However, anaerobic contraction can lead to build-up of metabolites and
waste products, and a significant increase in the acidity (decreased pH) inside
the muscle cell, which can interfere with the many biochemical reactions
necessary for the actin and myosin to produce force and slide against each
other. This chemical change is thought to be the cause of the "stinging" or
burning sensation you feel in your muscles as you become fatigued (such as in
arm wrestling or in the last few reps of a difficult weight lifting set).

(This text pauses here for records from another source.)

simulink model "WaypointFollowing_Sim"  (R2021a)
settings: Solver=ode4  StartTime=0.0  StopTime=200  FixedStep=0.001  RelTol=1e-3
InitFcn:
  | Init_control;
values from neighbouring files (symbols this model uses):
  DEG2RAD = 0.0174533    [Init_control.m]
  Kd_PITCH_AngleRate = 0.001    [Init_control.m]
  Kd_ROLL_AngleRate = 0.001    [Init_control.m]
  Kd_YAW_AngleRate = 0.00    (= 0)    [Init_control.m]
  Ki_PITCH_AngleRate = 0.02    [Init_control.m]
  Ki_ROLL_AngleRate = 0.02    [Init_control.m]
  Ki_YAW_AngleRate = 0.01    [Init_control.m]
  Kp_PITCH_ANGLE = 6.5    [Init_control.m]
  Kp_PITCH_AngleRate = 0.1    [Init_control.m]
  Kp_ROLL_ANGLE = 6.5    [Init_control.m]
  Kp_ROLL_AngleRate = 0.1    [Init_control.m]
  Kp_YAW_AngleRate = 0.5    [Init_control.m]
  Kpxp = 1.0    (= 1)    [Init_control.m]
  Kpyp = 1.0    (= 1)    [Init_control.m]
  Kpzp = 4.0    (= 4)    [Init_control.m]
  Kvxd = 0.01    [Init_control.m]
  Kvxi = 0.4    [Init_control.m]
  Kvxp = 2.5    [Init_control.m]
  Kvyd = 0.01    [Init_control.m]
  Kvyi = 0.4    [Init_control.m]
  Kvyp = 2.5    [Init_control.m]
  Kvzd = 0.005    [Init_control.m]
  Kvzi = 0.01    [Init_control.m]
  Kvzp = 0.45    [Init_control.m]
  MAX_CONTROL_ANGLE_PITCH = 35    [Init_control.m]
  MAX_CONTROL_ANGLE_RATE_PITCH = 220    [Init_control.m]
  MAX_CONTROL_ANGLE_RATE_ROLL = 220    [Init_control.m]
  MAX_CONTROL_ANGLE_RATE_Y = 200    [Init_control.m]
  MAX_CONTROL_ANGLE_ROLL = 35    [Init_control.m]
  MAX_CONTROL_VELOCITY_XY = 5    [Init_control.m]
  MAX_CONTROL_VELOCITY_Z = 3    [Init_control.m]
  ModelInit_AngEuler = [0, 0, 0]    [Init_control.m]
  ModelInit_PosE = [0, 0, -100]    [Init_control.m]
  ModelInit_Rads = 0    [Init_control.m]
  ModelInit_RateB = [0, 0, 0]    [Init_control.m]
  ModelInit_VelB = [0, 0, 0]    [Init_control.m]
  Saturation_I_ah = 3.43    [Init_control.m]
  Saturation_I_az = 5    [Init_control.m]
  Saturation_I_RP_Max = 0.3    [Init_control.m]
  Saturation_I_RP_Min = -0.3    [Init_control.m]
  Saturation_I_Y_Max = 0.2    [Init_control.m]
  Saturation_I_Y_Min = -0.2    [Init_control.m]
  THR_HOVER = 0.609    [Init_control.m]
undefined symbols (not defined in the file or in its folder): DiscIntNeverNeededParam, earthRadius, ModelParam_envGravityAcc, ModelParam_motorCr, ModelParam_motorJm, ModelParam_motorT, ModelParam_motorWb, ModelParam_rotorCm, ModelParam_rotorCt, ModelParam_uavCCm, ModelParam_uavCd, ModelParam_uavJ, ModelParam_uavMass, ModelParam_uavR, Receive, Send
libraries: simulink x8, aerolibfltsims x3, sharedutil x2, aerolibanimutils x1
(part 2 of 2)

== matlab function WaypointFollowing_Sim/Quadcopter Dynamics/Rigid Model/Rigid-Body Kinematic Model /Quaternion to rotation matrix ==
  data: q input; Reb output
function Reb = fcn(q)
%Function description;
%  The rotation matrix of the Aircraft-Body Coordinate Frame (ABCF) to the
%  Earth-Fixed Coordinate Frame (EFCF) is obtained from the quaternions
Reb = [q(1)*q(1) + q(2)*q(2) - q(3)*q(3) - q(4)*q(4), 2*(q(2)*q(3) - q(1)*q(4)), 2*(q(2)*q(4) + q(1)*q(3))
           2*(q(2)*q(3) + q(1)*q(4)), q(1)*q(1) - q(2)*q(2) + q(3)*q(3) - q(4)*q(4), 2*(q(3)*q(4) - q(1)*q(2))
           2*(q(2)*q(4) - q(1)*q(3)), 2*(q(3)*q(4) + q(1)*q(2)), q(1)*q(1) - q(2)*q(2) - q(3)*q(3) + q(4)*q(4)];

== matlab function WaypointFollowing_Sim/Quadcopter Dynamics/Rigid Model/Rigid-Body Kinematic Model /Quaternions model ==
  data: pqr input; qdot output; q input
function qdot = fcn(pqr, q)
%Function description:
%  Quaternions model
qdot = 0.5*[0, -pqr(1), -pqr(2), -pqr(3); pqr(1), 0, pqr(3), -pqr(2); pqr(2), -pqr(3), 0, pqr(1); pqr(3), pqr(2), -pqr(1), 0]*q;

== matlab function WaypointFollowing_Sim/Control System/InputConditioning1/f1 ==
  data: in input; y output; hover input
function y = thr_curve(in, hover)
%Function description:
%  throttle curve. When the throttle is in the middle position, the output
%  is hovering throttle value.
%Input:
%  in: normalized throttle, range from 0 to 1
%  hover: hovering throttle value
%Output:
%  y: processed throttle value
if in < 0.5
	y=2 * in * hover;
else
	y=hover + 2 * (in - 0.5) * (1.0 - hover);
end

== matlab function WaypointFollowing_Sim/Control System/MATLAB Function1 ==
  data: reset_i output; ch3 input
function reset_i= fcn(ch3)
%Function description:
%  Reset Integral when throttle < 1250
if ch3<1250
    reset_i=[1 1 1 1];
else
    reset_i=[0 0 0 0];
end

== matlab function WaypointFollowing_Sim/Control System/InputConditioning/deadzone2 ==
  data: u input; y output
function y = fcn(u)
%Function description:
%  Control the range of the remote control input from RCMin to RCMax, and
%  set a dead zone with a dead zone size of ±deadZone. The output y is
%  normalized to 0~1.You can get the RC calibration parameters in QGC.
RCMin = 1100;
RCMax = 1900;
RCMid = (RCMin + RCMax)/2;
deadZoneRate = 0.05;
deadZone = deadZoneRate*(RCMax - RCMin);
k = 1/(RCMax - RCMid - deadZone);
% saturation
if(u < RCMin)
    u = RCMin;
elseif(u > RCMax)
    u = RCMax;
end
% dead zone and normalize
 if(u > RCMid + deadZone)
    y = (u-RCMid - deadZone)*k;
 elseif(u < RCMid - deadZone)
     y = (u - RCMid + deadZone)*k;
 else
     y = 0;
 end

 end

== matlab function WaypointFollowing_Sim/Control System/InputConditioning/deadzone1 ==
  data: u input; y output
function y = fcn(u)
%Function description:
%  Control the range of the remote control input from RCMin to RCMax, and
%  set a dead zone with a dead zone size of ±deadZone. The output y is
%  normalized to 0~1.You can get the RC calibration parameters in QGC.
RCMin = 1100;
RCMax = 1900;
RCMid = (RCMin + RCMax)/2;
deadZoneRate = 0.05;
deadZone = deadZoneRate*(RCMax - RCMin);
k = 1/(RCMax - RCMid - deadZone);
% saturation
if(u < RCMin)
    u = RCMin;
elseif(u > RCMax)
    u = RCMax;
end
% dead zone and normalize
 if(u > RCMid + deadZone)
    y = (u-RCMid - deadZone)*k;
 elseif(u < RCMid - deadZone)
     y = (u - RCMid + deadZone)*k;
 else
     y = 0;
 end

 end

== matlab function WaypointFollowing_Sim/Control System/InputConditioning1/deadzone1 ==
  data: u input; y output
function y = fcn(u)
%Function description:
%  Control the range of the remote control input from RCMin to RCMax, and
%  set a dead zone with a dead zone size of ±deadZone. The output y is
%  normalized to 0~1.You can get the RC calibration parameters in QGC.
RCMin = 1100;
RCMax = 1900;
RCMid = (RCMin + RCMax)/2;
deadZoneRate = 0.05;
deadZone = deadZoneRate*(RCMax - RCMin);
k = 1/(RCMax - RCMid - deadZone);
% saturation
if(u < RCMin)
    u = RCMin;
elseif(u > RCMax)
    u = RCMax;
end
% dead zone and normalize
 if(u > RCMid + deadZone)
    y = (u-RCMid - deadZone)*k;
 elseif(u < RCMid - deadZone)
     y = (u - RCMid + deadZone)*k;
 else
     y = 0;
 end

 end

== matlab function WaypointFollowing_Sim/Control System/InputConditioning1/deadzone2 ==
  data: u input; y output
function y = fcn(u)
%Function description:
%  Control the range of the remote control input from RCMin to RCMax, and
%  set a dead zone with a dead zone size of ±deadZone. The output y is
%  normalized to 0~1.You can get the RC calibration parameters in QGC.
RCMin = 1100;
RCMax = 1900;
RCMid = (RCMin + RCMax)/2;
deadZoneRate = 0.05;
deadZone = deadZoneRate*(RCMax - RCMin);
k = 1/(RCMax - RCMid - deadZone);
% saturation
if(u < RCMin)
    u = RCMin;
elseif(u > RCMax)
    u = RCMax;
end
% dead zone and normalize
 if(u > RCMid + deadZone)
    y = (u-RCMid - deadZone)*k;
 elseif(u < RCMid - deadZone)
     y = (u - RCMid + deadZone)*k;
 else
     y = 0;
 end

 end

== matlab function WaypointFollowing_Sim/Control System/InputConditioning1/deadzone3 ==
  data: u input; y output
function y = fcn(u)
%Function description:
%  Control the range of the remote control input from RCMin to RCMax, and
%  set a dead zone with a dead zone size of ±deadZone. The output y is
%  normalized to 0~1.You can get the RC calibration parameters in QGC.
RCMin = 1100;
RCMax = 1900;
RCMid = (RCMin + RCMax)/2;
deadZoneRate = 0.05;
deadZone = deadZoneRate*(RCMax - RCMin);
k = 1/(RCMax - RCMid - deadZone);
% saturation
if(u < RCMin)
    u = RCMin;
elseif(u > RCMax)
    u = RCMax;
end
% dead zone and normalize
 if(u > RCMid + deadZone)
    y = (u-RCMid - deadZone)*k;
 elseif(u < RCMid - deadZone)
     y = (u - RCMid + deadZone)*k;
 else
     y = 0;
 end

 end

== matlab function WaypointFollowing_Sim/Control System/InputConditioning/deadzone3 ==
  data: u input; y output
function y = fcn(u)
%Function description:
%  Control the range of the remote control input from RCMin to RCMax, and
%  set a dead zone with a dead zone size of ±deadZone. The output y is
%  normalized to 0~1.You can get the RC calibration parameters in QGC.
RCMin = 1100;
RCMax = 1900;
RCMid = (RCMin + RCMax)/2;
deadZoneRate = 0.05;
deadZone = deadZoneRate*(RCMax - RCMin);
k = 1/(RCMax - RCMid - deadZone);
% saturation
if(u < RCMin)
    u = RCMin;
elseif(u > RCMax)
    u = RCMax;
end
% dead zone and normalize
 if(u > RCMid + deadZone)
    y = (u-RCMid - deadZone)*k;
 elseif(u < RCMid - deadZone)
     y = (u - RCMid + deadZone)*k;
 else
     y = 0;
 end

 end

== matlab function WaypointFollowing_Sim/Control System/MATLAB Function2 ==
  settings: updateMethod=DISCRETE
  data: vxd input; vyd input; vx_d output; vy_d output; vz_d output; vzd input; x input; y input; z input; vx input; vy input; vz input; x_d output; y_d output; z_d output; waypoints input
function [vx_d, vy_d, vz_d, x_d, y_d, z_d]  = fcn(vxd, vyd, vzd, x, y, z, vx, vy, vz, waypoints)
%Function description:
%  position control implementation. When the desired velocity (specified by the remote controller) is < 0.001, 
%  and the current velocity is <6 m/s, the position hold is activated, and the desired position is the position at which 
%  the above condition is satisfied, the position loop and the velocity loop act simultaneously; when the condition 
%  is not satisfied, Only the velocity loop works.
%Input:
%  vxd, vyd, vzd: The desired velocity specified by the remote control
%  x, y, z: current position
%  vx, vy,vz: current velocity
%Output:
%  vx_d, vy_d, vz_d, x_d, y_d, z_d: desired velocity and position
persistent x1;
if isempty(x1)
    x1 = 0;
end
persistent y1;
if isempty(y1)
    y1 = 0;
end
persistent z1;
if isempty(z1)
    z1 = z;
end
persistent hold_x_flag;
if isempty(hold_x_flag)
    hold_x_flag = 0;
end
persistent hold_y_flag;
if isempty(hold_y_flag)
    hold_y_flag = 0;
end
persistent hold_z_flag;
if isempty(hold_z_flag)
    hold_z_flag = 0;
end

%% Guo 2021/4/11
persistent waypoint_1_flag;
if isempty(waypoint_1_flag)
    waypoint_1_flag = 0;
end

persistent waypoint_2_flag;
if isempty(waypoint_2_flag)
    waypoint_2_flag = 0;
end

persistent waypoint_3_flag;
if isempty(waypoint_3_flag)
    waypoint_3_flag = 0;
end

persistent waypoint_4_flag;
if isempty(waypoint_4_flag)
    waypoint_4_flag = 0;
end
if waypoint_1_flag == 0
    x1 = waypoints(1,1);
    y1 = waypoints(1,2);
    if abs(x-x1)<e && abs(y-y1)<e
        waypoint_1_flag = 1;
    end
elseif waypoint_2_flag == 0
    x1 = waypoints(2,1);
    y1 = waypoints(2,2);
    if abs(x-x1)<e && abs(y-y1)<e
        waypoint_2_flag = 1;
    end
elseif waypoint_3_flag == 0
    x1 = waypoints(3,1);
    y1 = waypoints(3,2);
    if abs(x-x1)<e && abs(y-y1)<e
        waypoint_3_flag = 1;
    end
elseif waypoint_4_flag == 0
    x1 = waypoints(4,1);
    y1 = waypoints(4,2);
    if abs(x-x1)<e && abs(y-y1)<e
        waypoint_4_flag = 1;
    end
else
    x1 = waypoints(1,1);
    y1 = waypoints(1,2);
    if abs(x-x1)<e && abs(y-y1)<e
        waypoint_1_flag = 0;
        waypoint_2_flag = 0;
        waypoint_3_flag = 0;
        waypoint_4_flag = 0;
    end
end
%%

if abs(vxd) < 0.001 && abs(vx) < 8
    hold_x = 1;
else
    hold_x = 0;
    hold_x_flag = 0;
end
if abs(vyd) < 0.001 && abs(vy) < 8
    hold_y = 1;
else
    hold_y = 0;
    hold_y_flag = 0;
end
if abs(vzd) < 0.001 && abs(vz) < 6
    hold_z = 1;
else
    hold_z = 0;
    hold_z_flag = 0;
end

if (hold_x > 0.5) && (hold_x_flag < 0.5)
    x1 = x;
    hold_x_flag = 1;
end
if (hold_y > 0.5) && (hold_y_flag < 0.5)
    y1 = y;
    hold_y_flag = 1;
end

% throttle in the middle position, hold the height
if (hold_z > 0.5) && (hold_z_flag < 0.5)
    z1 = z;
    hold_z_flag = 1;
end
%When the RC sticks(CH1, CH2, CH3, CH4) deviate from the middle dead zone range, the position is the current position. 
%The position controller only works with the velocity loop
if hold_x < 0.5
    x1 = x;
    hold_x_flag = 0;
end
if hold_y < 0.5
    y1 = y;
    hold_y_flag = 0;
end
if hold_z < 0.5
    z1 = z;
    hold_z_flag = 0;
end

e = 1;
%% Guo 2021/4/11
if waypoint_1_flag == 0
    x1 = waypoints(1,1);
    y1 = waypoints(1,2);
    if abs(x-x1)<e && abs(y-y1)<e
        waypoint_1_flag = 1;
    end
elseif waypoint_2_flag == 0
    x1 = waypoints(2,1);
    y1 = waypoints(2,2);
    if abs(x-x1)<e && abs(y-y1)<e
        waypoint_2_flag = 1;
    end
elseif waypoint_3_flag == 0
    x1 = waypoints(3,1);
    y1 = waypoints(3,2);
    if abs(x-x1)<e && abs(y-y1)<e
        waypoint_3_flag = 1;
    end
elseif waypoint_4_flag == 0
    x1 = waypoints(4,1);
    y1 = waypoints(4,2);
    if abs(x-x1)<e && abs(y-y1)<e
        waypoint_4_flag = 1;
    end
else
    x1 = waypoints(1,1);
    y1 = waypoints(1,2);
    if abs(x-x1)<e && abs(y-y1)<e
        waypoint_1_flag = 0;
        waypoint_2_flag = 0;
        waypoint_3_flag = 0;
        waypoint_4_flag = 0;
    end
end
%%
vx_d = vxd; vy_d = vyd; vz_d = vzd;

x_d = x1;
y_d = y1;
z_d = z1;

How Are Muscles, Bones & Tendons
Related?
Protection
● Bones protect fragile organs of the body such as the brain, spinal cord,
heart, lungs and some reproductive organs. Some muscles provide
additional protection where there are no bones. For example, the external,
internal and transverse oblique abdominal muscles protect and support the
intestines.
Movement
● Bones are the levers that muscles and tendons act on. If an arm is a lever
machine, the bone is the lever, the joint is the fulcrum and the muscle
provides the force.
Tendons
● Tendons are fibrous connective tissue that connect muscles to bones.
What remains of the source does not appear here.